Constipation : ballonnements, douleurs, spasmes, crampes… Comment les huiles essentielles soulagent-elles ?

Les huiles essentielles sont d’une aide précieuse sur la constipation en agissant par leurs propriétés mécaniques et sécrétoires, à tous les niveaux de l’arbre digestif.  Elles apportent aussi un soutien psychique, par voie olfactive en calmant le mental et l’émotionnel, souvent impliqués dans les difficultés digestives.

Propriétés recherchées :

  • carminatives : évacuation des gaz, responsables des douleurs abdominales
  • stomachiques : stimulation du fonctionnement de l’estomac
  • apéritives : stimulation de l’appétit et des sécrétions digestives
  • antispasmodiques : atténuation des spasmes douloureux de l’intestin
  • laxatives : stimulation des sécrétions digestives pour ramollir les selles et faciliter leur évacuation
  • relaxantes psychiques, nerveuses

Les huiles essentielles à privilégier :

  • HE Estragon: stomachique, carminative, anti-fermentaire, antispasmodique
  • HE Basilic tropical : stomachique, carminative, anti-fermentaire, antispasmodique. Rééquilibrante nerveuse, calme l’hyperactivité mentale
  • HE Gingembre: apéritive, carminative. Tonique du système digestif, favorise les mouvements de l’intestin et la progression des aliments. Stimule, réchauffe et énergétise
  • HE Cardamome : carminative, digestive et antispasmodique
  • HE Coriandre: stomachique, carminative, tonique digestive. A la fois, calmante et tonifiante
  • HE Mandarine: tonique digestive, laxatif doux, relaxante musculaire. Relaxante et calmante nerveuse puissante.
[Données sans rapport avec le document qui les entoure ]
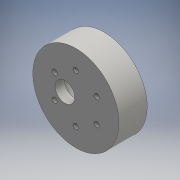
# Autodesk Inventor part: motor_holder_test
Saved by Autodesk Inventor 2016 (Build 200138000, 138)
## iProperties
Created: 2017-03-03
Part Number: motor_holder_test
Material: Generic
Document SubType Name: Modeling
Designer: Samuelsson
Density: 1 g/cm^3
Appearance: Default
Author: Samuelsson
Autodesk Inventor part; units mm, degrees
ref_plane "YZ Plane" through (0, 0, 0) normal (1, 0, 0) x (0, 1, 0)
ref_plane "XZ Plane" through (0, 0, 0) normal (0, 1, 0) x (-1, 0, 0)
ref_plane "XY Plane" through (0, 0, 0) normal (0, 0, 1) x (1, 0, 0)
sketch "Sketch1" plane through (0, 0, 0) normal (0, 1, 0) x (-1, 0, 0)
  circle A0 centre (7, 0) radius 6.25
  circle A1 centre (0, 15.5) radius 1.6
  circle A2 centre (-13.4234, 7.75) radius 1.6
  circle A3 centre (-13.4234, -7.75) radius 1.6
  circle A4 centre (0, -15.5) radius 1.6
  circle A5 centre (13.4234, -7.75) radius 1.6
  circle A6 centre (13.4234, 7.75) radius 1.6
  circle A7 centre (0, 0) radius 27.5
  dimension "d0" = 7
  dimension "d1" = 12.5
  dimension "d2" = 3.2
  dimension "d3" = 15.5
  dimension "d6" = 360
  dimension "d8" = 55
  constraints: 8 centre point, 1 coincident, 1 horizontal alignment, 1 vertical alignment, 13 other
  measures "d0" distance of point (0, 0) A0.centre
  measures "d1" diameter of A0
  measures "d2" diameter of A1
  measures "d3" distance of point (0, 0) A1.centre
  measures "d8" diameter of A7
extrude "Extrusion1" add sketch "Sketch1" along normal blind 6
sketch "Sketch2" plane through (0, 6, 0) normal (0, 1, 0) x (1, 0, 0)
  circle A0 centre (0, 0) radius 19
  circle A1 centre (0, 0) radius 27.5
  dimension "d11" = 38
  constraints: 2 centre point, 2 coincident
  measures "d11" diameter of A0
extrude "Extrusion2" add sketch "Sketch2" along normal blind 12
body "Solid1"
Autodesk Fusion 360 part; units mm, degrees
(part 2 of 2)
  line L878 (-48.8114, -148.3999) -> (-48.8431, -148.4136)
  line L879 (-43.0004, -145.5999) -> (-42.9905, -145.5999)
  line L880 (-36.8003, -145.5886) -> (-36.8155, -145.5568)
  line L881 (-30.959, -145.5847) -> (-30.9633, -145.5625)
  line L882 (-48.8004, -145.5999) -> (-48.8004, -145.5886)
  line L883 (-36.8003, -148.4094) -> (-36.8003, -148.3999)
  line L884 (-48.8004, -148.3999) -> (-48.8114, -148.3999)
  line L885 (-36.8003, -148.3999) -> (-36.8116, -148.3999)
  line L886 (-30.9633, -145.5625) -> (-30.9866, -145.5568)
  line L887 (-42.9591, -148.4136) -> (-42.9905, -148.3999)
  line L888 (-24.812, -148.3999) -> (-24.843, -148.4136)
  line L889 (-36.8116, -148.3999) -> (-36.8434, -148.4136)
  line L890 (-36.8377, -148.4373) -> (-36.8155, -148.4411)
  line L891 (-42.9867, -148.4411) -> (-42.963, -148.4373)
  line L892 (-24.812, -145.5999) -> (-24.801, -145.5999)
  line L893 (-36.8155, -148.4411) -> (-36.8003, -148.4094)
  line L894 (-48.8004, -148.4094) -> (-48.8004, -148.3999)
  line L895 (-24.801, -145.5999) -> (-19, -145.5999)
  line L896 (-36.8434, -148.4136) -> (-36.8377, -148.4373)
  line L897 (-36.8003, -148.3999) -> (-36.8003, -145.5999)
  line L898 (-48.8004, -145.5999) -> (-43.0004, -145.5999)
  line L899 (-48.8431, -145.5847) -> (-48.8114, -145.5999)
  line L900 (-24.801, -148.3999) -> (-24.801, -145.5999)
  line L901 (-48.8114, -145.5999) -> (-48.8004, -145.5999)
  line L902 (-42.9905, -148.3999) -> (-43.0004, -148.3999)
  line L903 (-48.8004, -145.5886) -> (-48.8156, -145.5568)
  line L904 (-43.0004, -148.3999) -> (-43.0004, -148.4094)
  line L905 (-42.963, -148.4373) -> (-42.9591, -148.4136)
  line L906 (-42.9591, -145.5847) -> (-42.963, -145.5625)
  line L907 (-24.801, -148.4094) -> (-24.801, -148.3999)
  line L908 (-31.0003, -148.4094) -> (-30.9866, -148.4411)
  line L909 (-24.843, -148.4136) -> (-24.838, -148.4373)
  line L910 (-24.801, -145.5999) -> (-24.801, -145.5886)
  line L911 (-33.8998, -148.3999) -> (-36.8003, -148.3999)
  line L912 (-42.9867, -145.5568) -> (-43.0004, -145.5886)
  line L913 (-43.0004, -145.5999) -> (-43.0004, -148.3999)
  line L914 (-57.544, -159.1843) -> (-57.5123, -159.1995)
  line L915 (-24.838, -148.4373) -> (-24.816, -148.4411)
  line L916 (-21.9, -148.3999) -> (-24.801, -148.3999)
  line L917 (-36.8377, -145.5625) -> (-36.8434, -145.5847)
  line L918 (-24.801, -145.5886) -> (-24.816, -145.5568)
  line L919 (-94.5377, -195.1374) -> (-94.5155, -195.1416)
  line L920 (-94.5003, -192.289) -> (-94.5155, -192.2573)
  line L921 (-36.8003, -145.5999) -> (-31.0003, -145.5999)
  line L922 (-106.5003, -192.3001) -> (-100.7001, -192.3001)
  line L923 (-106.5113, -195.1002) -> (-106.543, -195.114)
  line L924 (-94.5003, -195.1002) -> (-94.5003, -192.3001)
  line L925 (-31.0003, -145.5999) -> (-30.9908, -145.5999)
  line L926 (-100.7001, -192.289) -> (-100.7001, -192.3001)
  line L927 (-100.6905, -195.1002) -> (-100.7001, -195.1002)
  line L928 (-100.7001, -195.1002) -> (-103.5996, -195.1002)
  line L929 (-100.7001, -192.3001) -> (-100.6905, -192.3001)
  line L930 (-119.5999, -200.0005) -> (-119.5999, -209.9996)
  line L931 (-106.5155, -195.1416) -> (-106.5003, -195.1099)
  line L932 (-100.6629, -195.1374) -> (-100.6588, -195.114)
  line L933 (-36.8116, -145.5999) -> (-36.8003, -145.5999)
  line L934 (-94.5113, -195.1002) -> (-94.543, -195.114)
  line L935 (-94.5003, -195.1099) -> (-94.5003, -195.1002)
  line L936 (-106.543, -192.2849) -> (-106.5113, -192.3001)
  line L937 (-106.5003, -195.1002) -> (-106.5003, -192.3001)
  line L938 (-106.5375, -195.1374) -> (-106.5155, -195.1416)
  line L939 (-100.6588, -195.114) -> (-100.6905, -195.1002)
  line L940 (-94.5003, -192.3001) -> (-94.5003, -192.289)
  line L941 (-100.7001, -195.1002) -> (-100.7001, -195.1099)
  line L942 (-119.5999, -209.9996) -> (-19.6, -209.9996)
  line L943 (-94.5113, -192.3001) -> (-94.5003, -192.3001)
  line L944 (-103.5996, -195.1002) -> (-106.5003, -195.1002)
  line L945 (-94.5155, -192.2573) -> (-94.5377, -192.2615)
  line L946 (-94.5003, -195.1002) -> (-94.5113, -195.1002)
  line L947 (-88.7003, -192.3001) -> (-88.6904, -192.3001)
  line L948 (-88.6904, -192.3001) -> (-88.6587, -192.2849)
  line L949 (-106.5003, -192.289) -> (-106.5155, -192.2573)
  line L950 (-94.5377, -192.2615) -> (-94.543, -192.2849)
  line L951 (-88.6587, -192.2849) -> (-88.6629, -192.2615)
  line L952 (-100.6905, -192.3001) -> (-100.6588, -192.2849)
  line L953 (-106.543, -195.114) -> (-106.5375, -195.1374)
  line L954 (-82.5154, -195.1416) -> (-82.5002, -195.1099)
  line L955 (-76.6865, -192.2573) -> (-76.7002, -192.289)
  line L956 (-63.6005, -198.3) -> (-63.5839, -198.3)
  line L957 (-106.5003, -192.3001) -> (-106.5003, -192.289)
  line L958 (-76.7002, -192.3001) -> (-76.7002, -195.1002)
  line L959 (-36.8434, -145.5847) -> (-36.8116, -145.5999)
  line L960 (-19.6, -200.0005) -> (-119.5999, -200.0005)
  line L961 (-100.7001, -192.3001) -> (-100.7001, -195.1002)
  line L962 (-94.543, -195.114) -> (-94.5377, -195.1374)
  line L963 (-94.5155, -195.1416) -> (-94.5003, -195.1099)
  line L964 (-106.5113, -192.3001) -> (-106.5003, -192.3001)
  line L965 (-24.838, -145.5625) -> (-24.843, -145.5847)
  line L966 (-100.7001, -195.1099) -> (-100.6864, -195.1416)
  line L967 (-106.5375, -192.2615) -> (-106.543, -192.2849)
  line L968 (-91.5994, -195.1002) -> (-94.5003, -195.1002)
  line L969 (-100.6864, -195.1416) -> (-100.6629, -195.1374)
  line L970 (-94.543, -192.2849) -> (-94.5113, -192.3001)
  line L971 (-94.5003, -192.3001) -> (-88.7003, -192.3001)
  line L972 (-106.5003, -195.1099) -> (-106.5003, -195.1002)
  line L973 (-76.6907, -192.3001) -> (-76.6589, -192.2849)
  line L974 (-100.6588, -192.2849) -> (-100.6629, -192.2615)
  line L975 (-24.816, -145.5568) -> (-24.838, -145.5625)
  line L976 (-106.5003, -195.1002) -> (-106.5113, -195.1002)
  line L977 (-100.6629, -192.2615) -> (-100.6864, -192.2573)
  line L978 (-106.5155, -192.2573) -> (-106.5375, -192.2615)
  line L979 (-100.6864, -192.2573) -> (-100.7001, -192.289)
  line L980 (-19.6, -209.9996) -> (-19.6, -200.0005)
  line L981 (-82.5002, -195.1099) -> (-82.5002, -195.1002)
  line L982 (-88.7003, -195.1002) -> (-91.5994, -195.1002)
  line L983 (-88.6629, -192.2615) -> (-88.6865, -192.2573)
  line L984 (-63.5, -198.1994) -> (-63.5, -189.1995)
  line L985 (-76.7002, -192.289) -> (-76.7002, -192.3001)
  line L986 (-63.5839, -189.1003) -> (-63.6005, -189.1003)
  line L987 (-63.6005, -189.1003) -> (-66.5, -189.1003)
  line L988 (-82.5376, -192.2615) -> (-82.5433, -192.2849)
  line L989 (-58.9992, -136.4097) -> (-58.9855, -136.4414)
  line L990 (-58.958, -124.4138) -> (-58.9897, -124.4)
  line L991 (-58.958, -136.4135) -> (-58.9897, -136.3998)
  line L992 (-17.416, -114.752) -> (-17.607, -114.989)
  line L993 (-58.9855, -136.4414) -> (-58.9622, -136.4372)
  line L994 (-58.9897, -124.4) -> (-58.9992, -124.4)
  line L995 (-61.9181, -124.4) -> (-61.9703, -124.429)
  line L996 (-18.597, -115.4) -> (-58.9001, -115.4)
  line L997 (-17.844, -115.181) -> (-17.897, -115.213)
  line L998 (-61.9181, -136.3998) -> (-61.9703, -136.4287)
  line L999 (-61.9993, -130.5006) -> (-61.9993, -130.5172)
  line L1000 (-58.9992, -130.5998) -> (-58.9992, -136.3998)
  line L1001 (-17.353, -114.646) -> (-17.384, -114.7)
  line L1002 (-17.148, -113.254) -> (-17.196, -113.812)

Constipation occasionnelle de l’adulte, constipation du voyageur

Utilisées en première intention, en massage du ventre, les huiles essentielles apportent un réel soulagement. Une prise complémentaire par voie orale est possible.

Réduire la constipation, par massage du ventre, avec l’huile essentielle d’Estragon

Dans un flacon compte-goutte en verre teinté de 10 ml, réaliser le mélange suivant :

  • HE Estragon, Artemisia dracunculus 4 ml
  • HV noyau d’Abricot 6 ml

Mode d’utilisation : Prendre 10 à 15 gouttes de ce mélange, masser lentement le ventre dans le sens des aiguilles d’une montre. Insister sur la zone du colon descendant (partie gauche de l’abdomen). A faire 3 à 6 fois par jour selon les besoins. Utilisation ponctuelle sur 2 ou 3 jours pour un retour à la normale.

Contre-indications : femmes enceintes et allaitantes, enfants de moins de 3 ans

Soulager la constipation, par voie orale, avec l’huile essentielle de Gingembre

Prendre 1 à 2 gouttes d’huile essentielle de Gingembre avec une cuillère à café d’huile d’olive, 2 à 3 fois par jour, avant les repas. L’huile d’olive aura un effet laxatif doux et complémentaire et le transit doit s’améliorer en quelques jours.

En voyage, le recours à un autre support est possible : comprimé neutre, boulette de mie de pain, sucre… A l’effet laxatif de l’huile essentielle de Gingembre s’ajoutera son effet anti-nauséeux, parfois très utile lorsque les changements d’alimentation génèrent aussi des inconforts au niveau de l’estomac.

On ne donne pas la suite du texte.